# cashing a mexican check in mexico (or, possibly, the us)



## ohmalley (May 30, 2017)

hi everyone! first off i just want to thank everyone for all the awesome information you've made available. i've spent the last couple hours searching this forum (and the internet in general) for answers to my question. unfortunately, what i've found mostly is info on how to move cash from the us to mexico. i apologize in advance if these questions are redundant, and appreciate any links or forwards to the info if it already exists.

i am an american citizen here in mexico on a tourist visa. i've been here for almost a year (i go back and forth between mexico city and the US every 2 months). i started my adventures here intending only to travel, but have recently begun to consider immigrating here because i love it. 

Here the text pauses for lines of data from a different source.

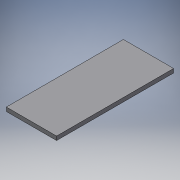
# Autodesk Inventor part: GearCoverTop
Saved by Autodesk Inventor 2019 (Build 230136000, 136)
## iProperties
Created: 2019-08-08
Part Number: GearCoverTop
Material: Generic
Document SubType Name: Modeling
Designer: aorfi
Density: 1 g/cm^3
Appearance: Default
Author: aorfi
Autodesk Inventor part; units mm, degrees
ref_plane "YZ Plane" through (0, 0, 0) normal (1, 0, 0) x (0, 1, 0)
ref_plane "XZ Plane" through (0, 0, 0) normal (0, 1, 0) x (-1, 0, 0)
ref_plane "XY Plane" through (0, 0, 0) normal (0, 0, 1) x (1, 0, 0)
sketch "Sketch1" plane through (0, 0, 0) normal (0, 1, 0) x (-1, 0, 0)
  line L0 (-13.8735, 30) -> (13.8735, 30)
  line L1 (13.8735, 30) -> (13.8735, -30)
  line L2 (13.8735, -30) -> (-13.8735, -30)
  line L3 (-13.8735, -30) -> (-13.8735, 30)
  line L4 (-13.8735, 30) -> (13.8735, -30) construction
  line L5 (13.8735, 30) -> (-13.8735, -30) construction
  point P0 (0, 0)
  dimension "d2" = 60
  dimension "d3" = 27.747
  constraints: 12 end point, 2 midpoint, 2 parallel, 1 horizontal, 1 perpendicular
  measures "d2" distance of L0.end L1.end
  measures "d3" distance of L1.end L2.end
extrude "Extrusion1" add sketch "Sketch1" along normal mid plane 2
sketch "Sketch2" plane through (0, 1, 0) normal (0, 1, 0) x (1, 0, 0)
  circle A0 centre (0, 0) radius 5
  dimension "d4" = 10
  constraints: 1 centre point, 1 coincident
  measures "d4" diameter of A0
extrude "Extrusion2" cut sketch "Sketch2" against normal through all
sketch "Sketch3" plane through (0, 1, 0) normal (0, 1, 0) x (1, 0, 0)
  line L0 (0, 0) -> (0, 30) construction
  line L1 (-13.8735, 30) -> (13.8735, 30) construction
  line L2 (0, 0) -> (0, -30) construction
  line L3 (13.8735, -30) -> (-13.8735, -30) construction
  point P0 (0, -15)
  point P1 (0, 15)
  constraints: 4 end point, 4 midpoint
hole "Hole1" at (0, 1, 15) at (0, 1, -15) direction (0, -1, 0) diameter 4.305 end through all clearance for "Flat Head Machine Screw (82)" size "#6" standard "Ansi Unified Screw Threads"
sketch "Sketch4" plane through (0, -1, 0) normal (0, -1, 0) x (1, 0, 0)
  circle A0 centre (-11.8735, 28) radius 0.965
  circle A1 centre (-11.8735, -28) radius 0.965
  circle A2 centre (11.8735, -28) radius 0.965
  circle A3 centre (11.8735, 28) radius 0.965
  line L0 (-13.8735, 30) -> (-13.8735, -30) projected
  line L1 (13.8735, 30) -> (-13.8735, 30) projected
  line L2 (13.8735, -30) -> (13.8735, 30) projected
  line L3 (-13.8735, -30) -> (13.8735, -30) projected
  point P0 (0, 0)
  dimension "d14" = 1.93
  dimension "d15" = 2
  dimension "d16" = 2
  dimension "d17" = 2
  dimension "d18" = 2
  constraints: 4 centre point, 3 equal radius, 2 horizontal alignment, 2 vertical alignment
  measures "d14" diameter of A0
  measures "d15" distance from line of L0 A0.centre
  measures "d16" distance from line of L1 A0.centre
  measures "d17" distance from line of L2 A3.centre
  measures "d18" distance from line of L3 A1.centre
extrude "Extrusion3" add sketch "Sketch4" along normal blind 2 contours A0 | A1 | A2 | A3
fillet "Fillet1" radius 2 4 edges at (13.8735, 0, 30) (-13.8735, 0, 30) (-13.8735, 0, -30) (13.8735, 0, -30)
equation "\"d16\" = d15"
equation "\"d17\" = d15"
equation "\"d18\" = d15"
body "Solid1"

i am a graphic designer (freelance), and while i haven't actually done any work in the last year (i needed a break from the grind, hence the travelling), i've recently landed a contract with a CDMX company to do their branding. my questions are these:

to begin work, they are going to pay me a deposit. can i cash a mexican check at the bank it's drawn on here in mexico city, without a bank account, and despite being a foreigner? since i'm just here as a tourist, it seems i cannot open a bank account. i apologize if the answer should be obvious -- i just want to know what to expect if it's not as simple as i imagine. i of course have a passport and NY state DL. but i've been hopping around to different airbnb's in different cities, do i don't have a proof of address. nor have i begun the application process for a work visa. this has all happened quite quickly, and i plan to complete work on the contract whether i have to do so "officially" in the US, or if i can stay here to complete the work, and continue travelling back and forth as a tourist.

that said, i will begin my application for a working vista post haste, and would like to avoid doing anyhthign that could jeopardize that process, or the process of eventually becoming a permanent resident. 

also, does anyone have experience cashing a mexican check their US bank? is it a hassle? should i expect huge fees and long clearing periods? i'm travelling back to the states to visit my girlfriend in a couple weeks, so i could conceivably deposit the check there. i understand i'll need to check in directly with my respective banks, but i'm without a working cell phone at the moment (mine's in repair) and would love an idea of what to expect.

thanks so much!

best,
-kevin


----------



## TundraGreen (Jul 15, 2010)

ohmalley said:


> …
> that said, i will begin my application for a working vista post haste, and would like to avoid doing anyhthign that could jeopardize that process, or the process of eventually becoming a permanent resident.
> 
> …


In order to work, you need a Temporary Visa with permission to work, or a Permanent Visa. I don't think there are any short cuts. You will also need an RFC number (Tax ID). Maybe you should hold the deposit check until you can legally accept it.


----------



## chicois8 (Aug 8, 2009)

I found out the hard way to obtain an RFC number you need to show hacienda your CURP number.


----------



## TundraGreen (Jul 15, 2010)

chicois8 said:


> I found out the hard way to obtain an RFC number you need to show hacienda your CURP number.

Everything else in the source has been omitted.